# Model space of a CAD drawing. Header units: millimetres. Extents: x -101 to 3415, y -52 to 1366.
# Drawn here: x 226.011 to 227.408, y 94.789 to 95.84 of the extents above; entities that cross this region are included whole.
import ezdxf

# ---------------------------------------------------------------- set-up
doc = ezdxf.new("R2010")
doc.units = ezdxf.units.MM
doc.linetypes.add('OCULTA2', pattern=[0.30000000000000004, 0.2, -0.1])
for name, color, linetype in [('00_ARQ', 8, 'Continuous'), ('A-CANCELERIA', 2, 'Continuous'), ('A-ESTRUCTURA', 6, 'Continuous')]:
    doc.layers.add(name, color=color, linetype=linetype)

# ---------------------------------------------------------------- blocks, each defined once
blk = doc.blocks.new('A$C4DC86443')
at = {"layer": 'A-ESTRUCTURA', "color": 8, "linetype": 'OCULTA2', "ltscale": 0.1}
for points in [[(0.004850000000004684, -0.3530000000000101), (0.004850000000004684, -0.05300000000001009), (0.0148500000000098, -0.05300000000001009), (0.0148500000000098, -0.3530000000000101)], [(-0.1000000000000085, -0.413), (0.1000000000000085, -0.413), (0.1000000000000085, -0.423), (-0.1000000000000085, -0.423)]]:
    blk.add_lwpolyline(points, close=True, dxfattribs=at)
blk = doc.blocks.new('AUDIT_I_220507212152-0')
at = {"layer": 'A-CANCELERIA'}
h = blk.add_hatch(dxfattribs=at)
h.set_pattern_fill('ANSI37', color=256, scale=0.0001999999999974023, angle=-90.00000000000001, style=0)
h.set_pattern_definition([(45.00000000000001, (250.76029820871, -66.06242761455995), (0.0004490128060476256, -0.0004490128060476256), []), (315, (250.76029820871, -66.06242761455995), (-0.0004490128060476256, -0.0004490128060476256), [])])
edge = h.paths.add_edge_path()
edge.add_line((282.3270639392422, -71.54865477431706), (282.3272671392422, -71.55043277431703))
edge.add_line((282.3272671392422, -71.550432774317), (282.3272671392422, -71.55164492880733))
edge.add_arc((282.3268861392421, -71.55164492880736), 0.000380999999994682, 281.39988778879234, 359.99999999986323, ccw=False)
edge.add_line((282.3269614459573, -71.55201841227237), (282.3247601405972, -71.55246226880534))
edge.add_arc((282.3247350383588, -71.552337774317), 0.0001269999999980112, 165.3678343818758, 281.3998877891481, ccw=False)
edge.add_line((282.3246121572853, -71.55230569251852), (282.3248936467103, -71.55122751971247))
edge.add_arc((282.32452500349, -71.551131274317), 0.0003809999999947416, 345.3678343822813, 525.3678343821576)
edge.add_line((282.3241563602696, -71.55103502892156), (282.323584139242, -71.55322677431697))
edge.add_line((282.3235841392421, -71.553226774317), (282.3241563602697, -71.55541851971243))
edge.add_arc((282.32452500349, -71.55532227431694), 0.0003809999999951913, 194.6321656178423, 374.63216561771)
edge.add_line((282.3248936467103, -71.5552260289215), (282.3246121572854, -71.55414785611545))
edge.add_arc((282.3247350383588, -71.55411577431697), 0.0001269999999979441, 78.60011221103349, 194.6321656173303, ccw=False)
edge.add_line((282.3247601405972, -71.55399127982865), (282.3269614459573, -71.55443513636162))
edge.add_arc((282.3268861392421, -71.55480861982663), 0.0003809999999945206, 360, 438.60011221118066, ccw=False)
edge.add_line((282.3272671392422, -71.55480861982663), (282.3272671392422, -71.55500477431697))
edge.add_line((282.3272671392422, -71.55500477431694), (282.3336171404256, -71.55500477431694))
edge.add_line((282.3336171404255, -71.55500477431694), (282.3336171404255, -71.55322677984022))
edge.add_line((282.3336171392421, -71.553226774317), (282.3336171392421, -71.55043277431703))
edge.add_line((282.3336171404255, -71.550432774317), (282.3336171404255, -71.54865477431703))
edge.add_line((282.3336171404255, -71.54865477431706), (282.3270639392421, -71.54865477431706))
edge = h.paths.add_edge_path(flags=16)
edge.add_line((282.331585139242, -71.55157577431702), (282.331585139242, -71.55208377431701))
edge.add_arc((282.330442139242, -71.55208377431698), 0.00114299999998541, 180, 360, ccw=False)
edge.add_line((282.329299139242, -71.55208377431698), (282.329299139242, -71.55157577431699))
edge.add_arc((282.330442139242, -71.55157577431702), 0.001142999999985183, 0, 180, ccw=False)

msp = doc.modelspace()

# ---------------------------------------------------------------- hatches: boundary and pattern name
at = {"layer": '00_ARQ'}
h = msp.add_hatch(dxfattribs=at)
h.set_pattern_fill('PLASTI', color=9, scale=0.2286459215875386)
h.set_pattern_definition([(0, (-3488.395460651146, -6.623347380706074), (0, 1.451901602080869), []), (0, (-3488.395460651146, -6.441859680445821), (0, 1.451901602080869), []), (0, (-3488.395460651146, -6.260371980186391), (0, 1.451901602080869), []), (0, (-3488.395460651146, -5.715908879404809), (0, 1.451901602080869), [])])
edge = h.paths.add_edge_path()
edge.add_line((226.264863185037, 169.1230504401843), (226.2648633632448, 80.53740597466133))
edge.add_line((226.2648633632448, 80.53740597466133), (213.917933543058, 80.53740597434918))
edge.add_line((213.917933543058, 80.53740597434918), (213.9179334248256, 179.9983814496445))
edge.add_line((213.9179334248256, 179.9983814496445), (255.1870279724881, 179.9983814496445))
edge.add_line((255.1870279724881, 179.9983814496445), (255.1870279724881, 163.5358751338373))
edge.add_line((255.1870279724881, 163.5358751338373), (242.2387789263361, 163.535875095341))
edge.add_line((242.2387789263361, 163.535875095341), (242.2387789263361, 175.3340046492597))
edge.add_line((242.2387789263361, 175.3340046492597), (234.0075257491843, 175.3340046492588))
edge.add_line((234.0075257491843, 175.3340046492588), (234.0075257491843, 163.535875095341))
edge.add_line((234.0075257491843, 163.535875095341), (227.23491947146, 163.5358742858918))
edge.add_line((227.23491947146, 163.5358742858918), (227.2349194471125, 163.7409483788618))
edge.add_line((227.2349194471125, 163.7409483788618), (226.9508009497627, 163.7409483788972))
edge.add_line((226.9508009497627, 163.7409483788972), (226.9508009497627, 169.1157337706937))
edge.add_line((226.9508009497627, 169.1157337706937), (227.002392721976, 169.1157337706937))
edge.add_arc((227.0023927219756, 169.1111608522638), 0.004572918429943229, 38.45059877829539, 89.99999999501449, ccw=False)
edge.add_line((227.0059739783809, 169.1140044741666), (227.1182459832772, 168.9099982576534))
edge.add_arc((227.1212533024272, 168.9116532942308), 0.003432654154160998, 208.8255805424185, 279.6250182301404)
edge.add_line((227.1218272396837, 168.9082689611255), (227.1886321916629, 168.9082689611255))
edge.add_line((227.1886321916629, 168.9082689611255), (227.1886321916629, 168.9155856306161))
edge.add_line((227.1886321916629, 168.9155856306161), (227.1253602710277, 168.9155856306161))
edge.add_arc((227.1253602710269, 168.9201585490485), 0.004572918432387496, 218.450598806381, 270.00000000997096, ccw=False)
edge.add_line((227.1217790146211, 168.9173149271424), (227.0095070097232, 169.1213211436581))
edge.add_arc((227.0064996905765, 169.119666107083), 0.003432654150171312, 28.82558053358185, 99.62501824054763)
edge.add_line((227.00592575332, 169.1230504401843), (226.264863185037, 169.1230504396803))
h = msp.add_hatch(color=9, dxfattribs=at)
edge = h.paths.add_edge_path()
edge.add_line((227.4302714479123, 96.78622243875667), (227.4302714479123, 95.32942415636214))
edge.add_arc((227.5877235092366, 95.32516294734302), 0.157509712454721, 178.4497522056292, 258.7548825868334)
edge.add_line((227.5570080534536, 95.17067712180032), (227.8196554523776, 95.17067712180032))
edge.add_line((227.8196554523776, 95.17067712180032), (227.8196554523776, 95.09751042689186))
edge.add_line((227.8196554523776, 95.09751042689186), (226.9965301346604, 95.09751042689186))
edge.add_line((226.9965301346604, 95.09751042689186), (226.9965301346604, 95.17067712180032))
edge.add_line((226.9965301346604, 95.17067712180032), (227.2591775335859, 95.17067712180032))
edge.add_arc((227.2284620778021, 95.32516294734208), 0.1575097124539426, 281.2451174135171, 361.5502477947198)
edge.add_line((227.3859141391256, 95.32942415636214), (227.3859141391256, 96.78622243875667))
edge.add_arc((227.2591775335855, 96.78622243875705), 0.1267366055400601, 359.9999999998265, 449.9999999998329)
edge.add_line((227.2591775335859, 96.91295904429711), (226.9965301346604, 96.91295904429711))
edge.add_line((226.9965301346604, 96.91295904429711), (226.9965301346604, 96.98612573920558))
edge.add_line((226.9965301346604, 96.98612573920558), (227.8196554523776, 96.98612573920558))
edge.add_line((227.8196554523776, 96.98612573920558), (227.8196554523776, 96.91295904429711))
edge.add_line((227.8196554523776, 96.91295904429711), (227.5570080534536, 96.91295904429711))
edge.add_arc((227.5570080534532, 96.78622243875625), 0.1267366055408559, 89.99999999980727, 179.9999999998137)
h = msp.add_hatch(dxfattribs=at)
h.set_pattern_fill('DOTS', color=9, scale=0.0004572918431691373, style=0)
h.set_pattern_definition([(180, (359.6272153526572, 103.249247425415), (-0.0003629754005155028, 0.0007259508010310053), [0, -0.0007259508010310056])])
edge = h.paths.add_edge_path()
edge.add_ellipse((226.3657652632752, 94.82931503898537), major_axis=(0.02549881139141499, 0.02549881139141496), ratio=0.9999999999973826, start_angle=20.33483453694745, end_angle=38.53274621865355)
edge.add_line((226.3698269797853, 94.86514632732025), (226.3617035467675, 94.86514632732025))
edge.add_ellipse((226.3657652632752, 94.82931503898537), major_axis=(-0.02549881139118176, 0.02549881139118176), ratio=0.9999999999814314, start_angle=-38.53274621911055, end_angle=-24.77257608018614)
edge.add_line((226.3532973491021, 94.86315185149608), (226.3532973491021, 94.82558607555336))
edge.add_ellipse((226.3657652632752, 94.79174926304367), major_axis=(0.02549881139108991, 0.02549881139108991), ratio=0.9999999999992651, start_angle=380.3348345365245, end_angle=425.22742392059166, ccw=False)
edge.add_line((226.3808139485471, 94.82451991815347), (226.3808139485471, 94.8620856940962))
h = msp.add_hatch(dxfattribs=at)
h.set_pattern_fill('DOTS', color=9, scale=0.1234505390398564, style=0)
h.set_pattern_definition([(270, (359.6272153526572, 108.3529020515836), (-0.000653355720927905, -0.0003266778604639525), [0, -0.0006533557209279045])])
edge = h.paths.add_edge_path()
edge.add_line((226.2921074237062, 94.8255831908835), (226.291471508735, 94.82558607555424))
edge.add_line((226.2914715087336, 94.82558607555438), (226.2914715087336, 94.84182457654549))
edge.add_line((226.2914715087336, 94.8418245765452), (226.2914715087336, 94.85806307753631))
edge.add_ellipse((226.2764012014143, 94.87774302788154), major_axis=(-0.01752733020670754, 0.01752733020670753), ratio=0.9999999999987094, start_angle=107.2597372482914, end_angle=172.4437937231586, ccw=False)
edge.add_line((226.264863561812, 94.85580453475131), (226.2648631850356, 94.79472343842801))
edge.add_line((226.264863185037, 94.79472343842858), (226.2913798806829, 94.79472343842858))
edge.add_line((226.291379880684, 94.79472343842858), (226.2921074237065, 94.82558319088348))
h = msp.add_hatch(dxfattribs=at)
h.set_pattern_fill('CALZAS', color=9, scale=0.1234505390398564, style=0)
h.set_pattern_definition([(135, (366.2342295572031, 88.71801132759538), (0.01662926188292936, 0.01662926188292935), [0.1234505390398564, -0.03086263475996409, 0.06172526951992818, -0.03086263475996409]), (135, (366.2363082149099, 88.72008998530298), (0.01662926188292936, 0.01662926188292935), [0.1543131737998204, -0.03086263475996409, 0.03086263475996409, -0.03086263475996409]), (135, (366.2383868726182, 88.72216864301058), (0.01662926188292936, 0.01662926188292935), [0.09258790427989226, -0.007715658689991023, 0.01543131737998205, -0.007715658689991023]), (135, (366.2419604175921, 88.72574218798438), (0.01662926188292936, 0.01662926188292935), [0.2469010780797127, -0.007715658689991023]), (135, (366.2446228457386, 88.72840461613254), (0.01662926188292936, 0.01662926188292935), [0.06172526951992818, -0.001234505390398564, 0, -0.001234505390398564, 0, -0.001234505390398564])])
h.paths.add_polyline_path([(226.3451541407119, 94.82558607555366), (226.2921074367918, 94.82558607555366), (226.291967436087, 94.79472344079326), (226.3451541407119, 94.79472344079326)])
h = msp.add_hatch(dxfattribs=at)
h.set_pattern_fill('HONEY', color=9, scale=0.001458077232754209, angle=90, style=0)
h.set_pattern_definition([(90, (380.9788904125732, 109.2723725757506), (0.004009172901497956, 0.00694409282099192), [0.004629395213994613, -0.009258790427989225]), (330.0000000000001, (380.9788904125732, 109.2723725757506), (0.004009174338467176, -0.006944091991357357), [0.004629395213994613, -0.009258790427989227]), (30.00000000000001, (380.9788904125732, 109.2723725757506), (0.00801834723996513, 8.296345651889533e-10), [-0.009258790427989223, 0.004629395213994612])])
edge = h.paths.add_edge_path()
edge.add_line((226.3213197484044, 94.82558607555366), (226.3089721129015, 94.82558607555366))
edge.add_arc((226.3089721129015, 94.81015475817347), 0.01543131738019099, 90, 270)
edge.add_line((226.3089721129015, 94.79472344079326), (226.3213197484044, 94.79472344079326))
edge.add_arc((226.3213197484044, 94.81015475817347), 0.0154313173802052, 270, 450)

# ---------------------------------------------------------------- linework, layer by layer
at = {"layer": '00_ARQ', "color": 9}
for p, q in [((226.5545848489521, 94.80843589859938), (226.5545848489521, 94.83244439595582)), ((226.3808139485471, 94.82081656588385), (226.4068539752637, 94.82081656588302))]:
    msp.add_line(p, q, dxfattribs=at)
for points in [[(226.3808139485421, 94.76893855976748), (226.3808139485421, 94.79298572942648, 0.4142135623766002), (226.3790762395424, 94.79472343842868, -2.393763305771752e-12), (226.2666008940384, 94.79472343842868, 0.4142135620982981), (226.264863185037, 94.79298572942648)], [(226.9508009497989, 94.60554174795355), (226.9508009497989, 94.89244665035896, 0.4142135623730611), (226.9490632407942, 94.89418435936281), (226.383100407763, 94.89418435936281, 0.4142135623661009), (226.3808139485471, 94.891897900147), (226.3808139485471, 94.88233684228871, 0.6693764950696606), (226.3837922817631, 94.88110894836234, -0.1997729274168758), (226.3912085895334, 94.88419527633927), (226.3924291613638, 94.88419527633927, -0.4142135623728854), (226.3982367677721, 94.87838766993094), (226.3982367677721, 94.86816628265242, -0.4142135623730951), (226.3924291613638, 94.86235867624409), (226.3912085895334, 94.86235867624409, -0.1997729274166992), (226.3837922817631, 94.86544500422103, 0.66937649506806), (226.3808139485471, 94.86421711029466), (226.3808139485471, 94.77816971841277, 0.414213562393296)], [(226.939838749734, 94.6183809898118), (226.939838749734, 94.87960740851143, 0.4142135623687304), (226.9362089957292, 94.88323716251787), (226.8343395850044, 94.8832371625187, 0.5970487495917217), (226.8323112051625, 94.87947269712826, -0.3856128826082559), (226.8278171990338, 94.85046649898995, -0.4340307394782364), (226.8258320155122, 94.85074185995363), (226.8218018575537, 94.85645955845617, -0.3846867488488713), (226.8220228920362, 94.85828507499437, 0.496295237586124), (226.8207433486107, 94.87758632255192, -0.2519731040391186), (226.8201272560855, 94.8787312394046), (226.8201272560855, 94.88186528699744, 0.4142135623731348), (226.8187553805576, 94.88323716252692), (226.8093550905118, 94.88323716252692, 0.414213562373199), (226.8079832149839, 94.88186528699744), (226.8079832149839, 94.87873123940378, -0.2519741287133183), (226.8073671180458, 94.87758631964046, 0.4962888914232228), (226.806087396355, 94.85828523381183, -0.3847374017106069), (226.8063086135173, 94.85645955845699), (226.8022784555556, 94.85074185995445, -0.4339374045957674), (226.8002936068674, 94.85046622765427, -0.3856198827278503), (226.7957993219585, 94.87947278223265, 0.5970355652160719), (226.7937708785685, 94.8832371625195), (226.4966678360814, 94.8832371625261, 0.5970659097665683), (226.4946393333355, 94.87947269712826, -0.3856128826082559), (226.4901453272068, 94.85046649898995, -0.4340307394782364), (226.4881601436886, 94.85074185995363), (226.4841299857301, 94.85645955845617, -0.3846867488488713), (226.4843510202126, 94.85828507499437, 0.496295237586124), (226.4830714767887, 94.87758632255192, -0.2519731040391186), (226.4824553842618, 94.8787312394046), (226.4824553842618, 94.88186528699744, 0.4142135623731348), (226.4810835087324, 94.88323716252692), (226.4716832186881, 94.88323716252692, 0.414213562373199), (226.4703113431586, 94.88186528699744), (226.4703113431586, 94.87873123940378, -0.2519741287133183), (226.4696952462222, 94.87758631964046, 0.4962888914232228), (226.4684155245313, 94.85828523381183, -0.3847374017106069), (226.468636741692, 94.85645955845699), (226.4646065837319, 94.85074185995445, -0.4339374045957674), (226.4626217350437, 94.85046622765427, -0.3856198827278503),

TASK TO CARRY OUT: All lines from the first line of the listing above through the line containing "-71.54865477431706), (282.3272671392422, -71.55043277431703))" are to be retyped exactly. Leave out any other line.

ANSWER TO THE EXERCISE:
# Model space of a CAD drawing. Header units: millimetres. Extents: x -101 to 3415, y -52 to 1366.
# Drawn here: x 226.011 to 227.408, y 94.789 to 95.84 of the extents above; entities that cross this region are included whole.
import ezdxf

# ---------------------------------------------------------------- set-up
doc = ezdxf.new("R2010")
doc.units = ezdxf.units.MM
doc.linetypes.add('OCULTA2', pattern=[0.30000000000000004, 0.2, -0.1])
for name, color, linetype in [('00_ARQ', 8, 'Continuous'), ('A-CANCELERIA', 2, 'Continuous'), ('A-ESTRUCTURA', 6, 'Continuous')]:
    doc.layers.add(name, color=color, linetype=linetype)

# ---------------------------------------------------------------- blocks, each defined once
blk = doc.blocks.new('A$C4DC86443')
at = {"layer": 'A-ESTRUCTURA', "color": 8, "linetype": 'OCULTA2', "ltscale": 0.1}
for points in [[(0.004850000000004684, -0.3530000000000101), (0.004850000000004684, -0.05300000000001009), (0.0148500000000098, -0.05300000000001009), (0.0148500000000098, -0.3530000000000101)], [(-0.1000000000000085, -0.413), (0.1000000000000085, -0.413), (0.1000000000000085, -0.423), (-0.1000000000000085, -0.423)]]:
    blk.add_lwpolyline(points, close=True, dxfattribs=at)
blk = doc.blocks.new('AUDIT_I_220507212152-0')
at = {"layer": 'A-CANCELERIA'}
h = blk.add_hatch(dxfattribs=at)
h.set_pattern_fill('ANSI37', color=256, scale=0.0001999999999974023, angle=-90.00000000000001, style=0)
h.set_pattern_definition([(45.00000000000001, (250.76029820871, -66.06242761455995), (0.0004490128060476256, -0.0004490128060476256), []), (315, (250.76029820871, -66.06242761455995), (-0.0004490128060476256, -0.0004490128060476256), [])])
edge = h.paths.add_edge_path()
edge.add_line((282.3270639392422, -71.54865477431706), (282.3272671392422, -71.55043277431703))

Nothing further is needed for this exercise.